I would never be caught dead in an airport again if all train travel was as efficient as Switzerland’s. It was a thing of beauty to just whip out my travel pass (albeit a first-class one, which I highly recommend) and head over to our reserved seats in the dining car. Between nibbles of a very tasty nasi-goreng, Indonesian fried rice, my face was glued to the window, oohing and ahhing over the gorgeous countryside, which looked like it had been gilded in gold, but was actually just rape fields in full bloom.
Enroute I had to forget all the German I learned in Zurich (which consisted of Auf Wiedersehen and Zürcher Geschnetzeltes, a traditional Swiss dish made with veal, mushrooms and noodles in cream sauce) and practice my equally feeb French, since French is Lausanne’s language of choice.
Steeper hills than San Francisco?
Getting to Vieille Ville, Lausanne’s medieval upper town, a bevy of cobbled lanes lined with charming shops and amazing gothic architecture, can be done the hard way–by walking–since the town is situated on three very steep hills, or you can wimp out like we did and take the funicular to the top. Don’t miss the 13th century Cathédrale Notre Dame adorned by a huge rose windo made out of 105 panes of stained glass.

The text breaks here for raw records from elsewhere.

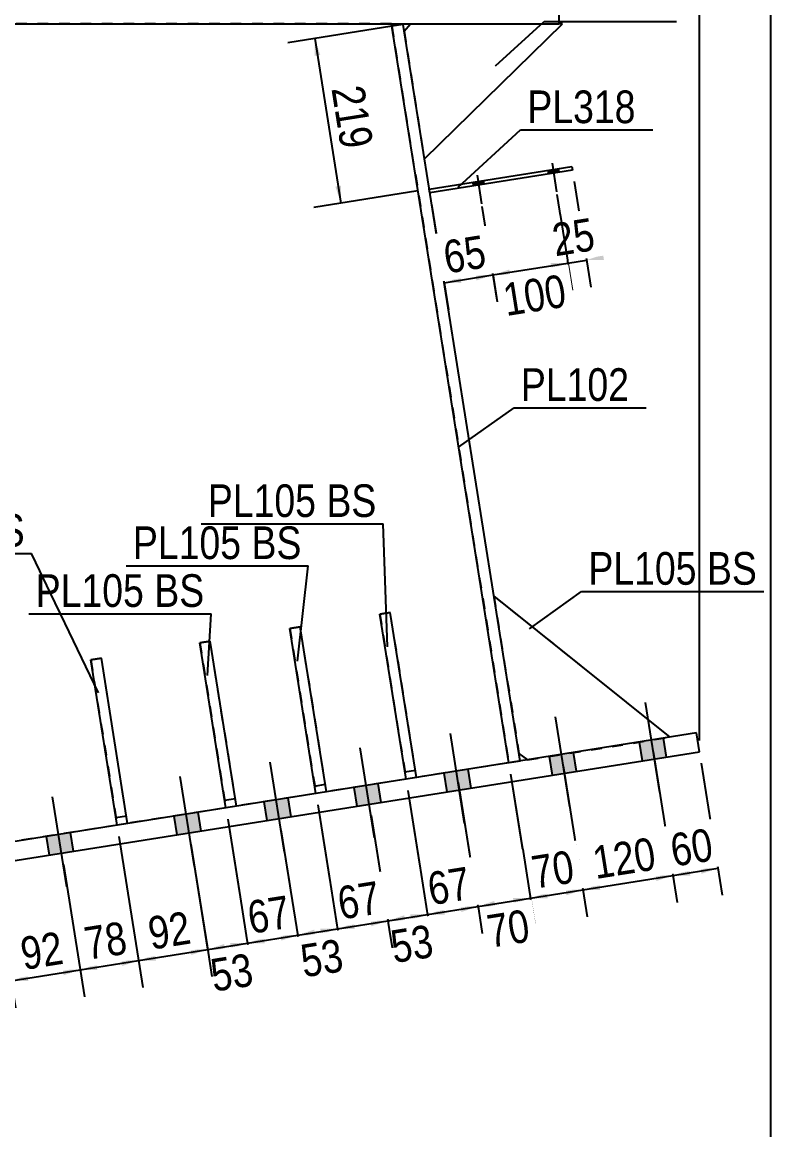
# Model space of a CAD drawing. Header units: millimetres. Extents: x -343 to 60, y -188 to 89.
# Drawn here: x -5.8 to 59.8, y -57 to 40.1 of the extents above; entities that cross this region are included whole.
import ezdxf

# ---------------------------------------------------------------- set-up
doc = ezdxf.new("R2010")
doc.units = ezdxf.units.MM
doc.linetypes.add('DXK_LINE_DOT1', pattern=[1.8814, 0.9407, -0.9407])
doc.styles.add('Arial Narrow', font='ARIALN.TTF', dxfattribs={"height": 0.2})

# ---------------------------------------------------------------- blocks, each defined once
blk = doc.blocks.new('Unknown-623466579-1210')
at = {"color": 5, "linetype": 'Continuous'}
blk.add_line((59.848, -188.079), (59.848, 88.921), dxfattribs=at)
blk = doc.blocks.new('Part-623466579-2314 - 1790')
at = {"color": 7, "linetype": 'DXK_LINE_DOT1'}
for p, q in [((18.557, -12.879), (17.635, -13.025)), ((17.635, -13.025), (19.938, -27.51)), ((20.86, -27.364), (18.557, -12.879))]:
    blk.add_line(p, q, dxfattribs=at)
blk = doc.blocks.new('Part-623466579-1833 - 1790')
at = {"color": 2, "linetype": 'Continuous'}
for p in [(41.244, 41), (-164.094, 40)]:
    blk.add_line(p, (41.244, 40), dxfattribs=at)
blk = doc.blocks.new('Part-623466579-2329 - 1790')
at = {"color": 2, "linetype": 'Continuous'}
for p, q in [((0.187, -15.8), (1.109, -15.653)), ((2.491, -30.284), (0.187, -15.8)), ((3.412, -30.138), (1.109, -15.653))]:
    blk.add_line(p, q, dxfattribs=at)
at = {"color": 7, "linetype": 'DXK_LINE_DOT1'}
for p, q in [((2.386, -29.626), (3.308, -29.48)), ((3.412, -30.138), (2.491, -30.284))]:
    blk.add_line(p, q, dxfattribs=at)
blk = doc.blocks.new('Part-623466579-2309 - 1790')
at = {"color": 2, "linetype": 'Continuous'}
for p, q in [((17.635, -13.025), (18.557, -12.879)), ((19.938, -27.51), (17.635, -13.025)), ((20.86, -27.364), (18.557, -12.879))]:
    blk.add_line(p, q, dxfattribs=at)
at = {"color": 7, "linetype": 'DXK_LINE_DOT1'}
for p, q in [((19.833, -26.852), (20.755, -26.705)), ((20.86, -27.364), (19.938, -27.51))]:
    blk.add_line(p, q, dxfattribs=at)
blk = doc.blocks.new('Part-623466579-1989 - 1790')
at = {"color": 2, "linetype": 'Continuous'}
for p, q in [((27.669, 39.342), (28.231, 40)), ((29.449, 28.149), (41.564, 40)), ((41.564, 40), (41.244, 40))]:
    blk.add_line(p, q, dxfattribs=at)
at = {"color": 7, "linetype": 'DXK_LINE_DOT1'}
for p, q in [((28.231, 40), (41.244, 40)), ((27.669, 39.342), (29.449, 28.149))]:
    blk.add_line(p, q, dxfattribs=at)
blk = doc.blocks.new('Part-623466579-2304 - 1790')
at = {"color": 7, "linetype": 'DXK_LINE_DOT1'}
for p, q in [((26.457, -11.623), (25.536, -11.769)), ((28.761, -26.107), (26.457, -11.623)), ((25.536, -11.769), (27.839, -26.254))]:
    blk.add_line(p, q, dxfattribs=at)
blk = doc.blocks.new('Part-623466579-2334 - 1790')
at = {"color": 7, "linetype": 'DXK_LINE_DOT1'}
for p, q in [((1.109, -15.653), (0.187, -15.8)), ((0.187, -15.8), (2.491, -30.284)), ((3.412, -30.138), (1.109, -15.653))]:
    blk.add_line(p, q, dxfattribs=at)
blk = doc.blocks.new('Part-623466579-1936 - 1790')
at = {"color": 2, "linetype": 'Continuous'}
for p, q in [((27.575, 39.933), (26.587, 39.776)), ((37.846, -24.662), (27.575, 39.933)), ((36.859, -24.82), (26.587, 39.776))]:
    blk.add_line(p, q, dxfattribs=at)
at = {"color": 7, "linetype": 'DXK_LINE_DOT1'}
blk.add_line((37.846, -24.662), (36.859, -24.82), dxfattribs=at)
blk = doc.blocks.new('Part-623466579-2018 - 1790')
at = {"color": 2, "linetype": 'Continuous'}
for p, q in [((53.319, -22.202), (-58.608, -40)), ((53.58, -23.848), (53.319, -22.202)), ((-58.347, -41.646), (53.58, -23.848)), ((-58.608, -40), (-58.347, -41.646))]:
    blk.add_line(p, q, dxfattribs=at)
blk = doc.blocks.new('Part-623466579-2040 - 1790')
at = {"color": 7, "linetype": 'DXK_LINE_DOT1'}
for p, q in [((51.014, -22.569), (35.543, -10.178)), ((35.543, -10.178), (37.742, -24.004)), ((38.505, -24.558), (51.014, -22.569)), ((37.742, -24.004), (38.505, -24.558))]:
    blk.add_line(p, q, dxfattribs=at)
blk = doc.blocks.new('Part-623466579-2282 - 1790')
at = {"color": 2, "linetype": 'Continuous'}
for p, q in [((25.536, -11.769), (26.457, -11.623)), ((28.761, -26.107), (26.457, -11.623)), ((27.839, -26.254), (25.536, -11.769))]:
    blk.add_line(p, q, dxfattribs=at)
at = {"color": 7, "linetype": 'DXK_LINE_DOT1'}
for p, q in [((27.734, -25.595), (28.656, -25.449)), ((28.761, -26.107), (27.839, -26.254))]:
    blk.add_line(p, q, dxfattribs=at)
blk = doc.blocks.new('Part-623466579-2319 - 1790')
at = {"color": 2, "linetype": 'Continuous'}
for p, q in [((9.734, -14.282), (10.656, -14.135)), ((12.037, -28.766), (9.734, -14.282)), ((12.959, -28.62), (10.656, -14.135))]:
    blk.add_line(p, q, dxfattribs=at)
at = {"color": 7, "linetype": 'DXK_LINE_DOT1'}
for p, q in [((11.933, -28.108), (12.854, -27.961)), ((12.959, -28.62), (12.037, -28.766))]:
    blk.add_line(p, q, dxfattribs=at)
blk = doc.blocks.new('Part-623466579-2324 - 1790')
at = {"color": 7, "linetype": 'DXK_LINE_DOT1'}
for p, q in [((10.656, -14.135), (9.734, -14.282)), ((9.734, -14.282), (12.037, -28.766)), ((12.959, -28.62), (10.656, -14.135))]:
    blk.add_line(p, q, dxfattribs=at)
blk = doc.blocks.new('Part-623466579-2396 - 1790')
at = {"color": 2, "linetype": 'Continuous'}
for p, q in [((51.014, -22.569), (35.543, -10.178)), ((37.742, -24.004), (38.505, -24.558))]:
    blk.add_line(p, q, dxfattribs=at)
blk = doc.blocks.new('Part-623466579-2433 - 1790')
at = {"color": 2, "linetype": 'Continuous'}
for p, q in [((-58.608, -40), (-58.608, 40)), ((26.587, 39.776), (26.552, 40))]:
    blk.add_line(p, q, dxfattribs=at)
at = {"color": 7, "linetype": 'DXK_LINE_DOT1'}
for p, q in [((26.552, 40), (-58.608, 40)), ((26.587, 39.776), (36.859, -24.82)), ((36.859, -24.82), (28.761, -26.107)), ((27.839, -26.254), (20.86, -27.364)), ((19.938, -27.51), (12.959, -28.62)), ((12.037, -28.766), (3.412, -30.138)), ((2.491, -30.284), (-7.78, -31.918)), ((-8.702, -32.064), (-17.327, -33.436)), ((-18.249, -33.582), (-25.228, -34.692)), ((-26.15, -34.839), (-33.129, -35.948)), ((-34.05, -36.095), (-42.149, -37.383)), ((-42.939, -37.508), (-58.608, -40))]:
    blk.add_line(p, q, dxfattribs=at)
blk = doc.blocks.new('Bolt-623466579-2434 - 1790')
at = {"linetype": 'Continuous'}
for points in [[(50.422, -22.663), (48.315, -22.998), (48.577, -24.644), (50.684, -24.309)], [(50.422, -22.663), (48.315, -22.998), (48.577, -24.644), (50.684, -24.309)], [(50.422, -22.663), (48.315, -22.998), (48.577, -24.644), (50.684, -24.309)], [(50.422, -22.663), (48.315, -22.998), (48.577, -24.644), (50.684, -24.309)], [(42.521, -23.919), (40.414, -24.254), (40.676, -25.9), (42.783, -25.565)], [(42.521, -23.919), (40.414, -24.254), (40.676, -25.9), (42.783, -25.565)], [(42.521, -23.919), (40.414, -24.254), (40.676, -25.9), (42.783, -25.565)], [(42.521, -23.919), (40.414, -24.254), (40.676, -25.9), (42.783, -25.565)], [(33.304, -25.385), (31.197, -25.72), (31.458, -27.366), (33.565, -27.031)], [(33.304, -25.385), (31.197, -25.72), (31.458, -27.366), (33.565, -27.031)], [(33.304, -25.385), (31.197, -25.72), (31.458, -27.366), (33.565, -27.031)], [(33.304, -25.385), (31.197, -25.72), (31.458, -27.366), (33.565, -27.031)], [(25.403, -26.641), (23.296, -26.976), (23.558, -28.622), (25.665, -28.287)], [(25.403, -26.641), (23.296, -26.976), (23.558, -28.622), (25.665, -28.287)], [(25.403, -26.641), (23.296, -26.976), (23.558, -28.622), (25.665, -28.287)], [(25.403, -26.641), (23.296, -26.976), (23.558, -28.622), (25.665, -28.287)], [(17.502, -27.897), (15.395, -28.233), (15.657, -29.878), (17.764, -29.543)], [(17.502, -27.897), (15.395, -28.233), (15.657, -29.878), (17.764, -29.543)], [(17.502, -27.897), (15.395, -28.233), (15.657, -29.878), (17.764, -29.543)], [(17.502, -27.897), (15.395, -28.233), (15.657, -29.878), (17.764, -29.543)], [(9.601, -29.154), (7.494, -29.489), (7.756, -31.135), (9.863, -30.8)], [(9.601, -29.154), (7.494, -29.489), (7.756, -31.135), (9.863, -30.8)], [(9.601, -29.154), (7.494, -29.489), (7.756, -31.135), (9.863, -30.8)], [(9.601, -29.154), (7.494, -29.489), (7.756, -31.135), (9.863, -30.8)], [(-1.591, -30.934), (-3.698, -31.269), (-3.437, -32.915), (-1.33, -32.58)], [(-1.591, -30.934), (-3.698, -31.269), (-3.437, -32.915), (-1.33, -32.58)], [(-1.591, -30.934), (-3.698, -31.269), (-3.437, -32.915), (-1.33, -32.58)], [(-1.591, -30.934), (-3.698, -31.269), (-3.437, -32.915), (-1.33, -32.58)], [(-12.784, -32.713), (-14.891, -33.048), (-14.629, -34.694), (-12.522, -34.359)], [(-12.784, -32.713), (-14.891, -33.048), (-14.629, -34.694), (-12.522, -34.359)], [(-12.784, -32.713), (-14.891, -33.048), (-14.629, -34.694), (-12.522, -34.359)], [(-12.784, -32.713), (-14.891, -33.048), (-14.629, -34.694), (-12.522, -34.359)], [(-20.685, -33.97), (-22.792, -34.305), (-22.53, -35.951), (-20.423, -35.616)], [(-20.685, -33.97), (-22.792, -34.305), (-22.53, -35.951), (-20.423, -35.616)], [(-20.685, -33.97), (-22.792, -34.305), (-22.53, -35.951), (-20.423, -35.616)], [(-20.685, -33.97), (-22.792, -34.305), (-22.53, -35.951), (-20.423, -35.616)], [(-28.586, -35.226), (-30.692, -35.561), (-30.431, -37.207), (-28.324, -36.872)], [(-28.586, -35.226), (-30.692, -35.561), (-30.431, -37.207), (-28.324, -36.872)], [(-28.586, -35.226), (-30.692, -35.561), (-30.431, -37.207), (-28.324, -36.872)], [(-28.586, -35.226), (-30.692, -35.561), (-30.431, -37.207), (-28.324, -36.872)], [(-36.486, -36.482), (-38.593, -36.817), (-38.331, -38.463), (-36.225, -38.128)], [(-36.486, -36.482), (-38.593, -36.817), (-38.331, -38.463), (-36.225, -38.128)], [(-36.486, -36.482), (-38.593, -36.817), (-38.331, -38.463), (-36.225, -38.128)], [(-36.486, -36.482), (-38.593, -36.817), (-38.331, -38.463), (-36.225, -38.128)], [(-45.704, -37.948), (-47.811, -38.283), (-47.549, -39.929), (-45.442, -39.594)], [(-45.704, -37.948), (-47.811, -38.283), (-47.549, -39.929), (-45.442, -39.594)], [(-45.704, -37.948), (-47.811, -38.283), (-47.549, -39.929), (-45.442, -39.594)], [(-45.704, -37.948), (-47.811, -38.283), (-47.549, -39.929), (-45.442, -39.594)], [(-53.605, -39.204), (-55.711, -39.539), (-55.45, -41.185), (-53.343, -40.85)], [(-53.605, -39.204), (-55.711, -39.539), (-55.45, -41.185), (-53.343, -40.85)], [(-53.605, -39.204), (-55.711, -39.539), (-55.45, -41.185), (-53.343, -40.85)], [(-53.605, -39.204), (-55.711, -39.539), (-55.45, -41.185), (-53.343, -40.85)]]:
    blk.add_hatch(color=3, dxfattribs=at).paths.add_polyline_path(points)
at = {"color": 3, "linetype": 'Continuous'}
for p, q in [((50.099, -27.423), (48.845, -19.538)), ((50.099, -27.423), (48.845, -19.538)), ((50.099, -27.423), (48.845, -19.538)), ((50.099, -27.423), (48.845, -19.538)), ((42.198, -28.679), (40.944, -20.795)), ((42.198, -28.679), (40.944, -20.795)), ((42.198, -28.679), (40.944, -20.795)), ((42.198, -28.679), (40.944, -20.795)), ((32.98, -30.145), (31.727, -22.26)), ((32.98, -30.145), (31.727, -22.26)), ((32.98, -30.145), (31.727, -22.26)), ((32.98, -30.145), (31.727, -22.26)), ((48.577, -24.644), (48.315, -22.998)), ((48.577, -24.644), (48.315, -22.998)), ((48.577, -24.644), (48.315, -22.998)), ((48.577, -24.644), (48.315, -22.998)), ((50.684, -24.309), (50.422, -22.663)), ((50.684, -24.309), (50.422, -22.663)), ((50.684, -24.309), (50.422, -22.663)), ((50.684, -24.309), (50.422, -22.663)), ((25.08, -31.401), (23.826, -23.517)), ((25.08, -31.401), (23.826, -23.517)), ((25.08, -31.401), (23.826, -23.517)), ((25.08, -31.401), (23.826, -23.517)), ((40.676, -25.9), (40.414, -24.254)), ((40.676, -25.9), (40.414, -24.254)), ((40.676, -25.9), (40.414, -24.254)), ((40.676, -25.9), (40.414, -24.254)), ((42.783, -25.565), (42.521, -23.919)), ((42.783, -25.565), (42.521, -23.919)), ((42.783, -25.565), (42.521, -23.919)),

When we arrived at the main thoroughfare, we were thrilled with our reception. It seemed as if the whole town had graciously turned out to welcome us, dressed in full costume. Actually, they were celebrating “Fete du Soleil”(carnival of the sun) which must have worked since it was our first sun-sighting in days.
We continued downhill to Le Flon, Lausanne’s version of Zurich-West. Once filled with run-down warehouses, Le Flon has been totally refurbished and is now headquarters for the trendiest restaurants, bars and living quarters.We popped in for a drink at Les Arches, a new uber-cool, hangout designed by Parisian wunderkind, Pierre Winthrop. Located completely outside, under the arches of a historical city bridge, the bar was packed even though it was early. I wonder if it has anything to do with the fact that it’s one of the few places people can still have a cigarette with their drink since only two weeks before Switzerland banned smoking in all public places.
Luxury stay at Ouchy (pronounced ooh-she)
Our home for the next few days was the elegant 4-star Angleterre & Residence, a beautifully landscaped cluster of six historic villas and a lounge-worthy swimming pool, plunked right next door to their glamorous partner hotel, Beau-Rivage. You couldn’t ask for a more peachy-perfect view. My room overlooked dazzling Lake Geneva ( Western Europe’s largest lake) framed by the majestic, snow-tipped French Alps.
Even if you’re not a sports lover, you will still enjoy a visit to the awe-inspiring Olympic Museum, just a block down the beach. Save time to ramble through the Olympic Park gardens that are filled with a fantastic array of sports related artworks.
If you haven’t received any invites from wealthy locals to hop aboard their sailboat, then why not try a relaxing eco-friendly solar boat ride on the “Aquarel” with the very capable Capt.Olivier Hanggeli, at the helm.
Tip: Before boarding the boat, stop in at the marina cafe for a slice of delish homemade tarte tatin, delicately sweetened with local honey.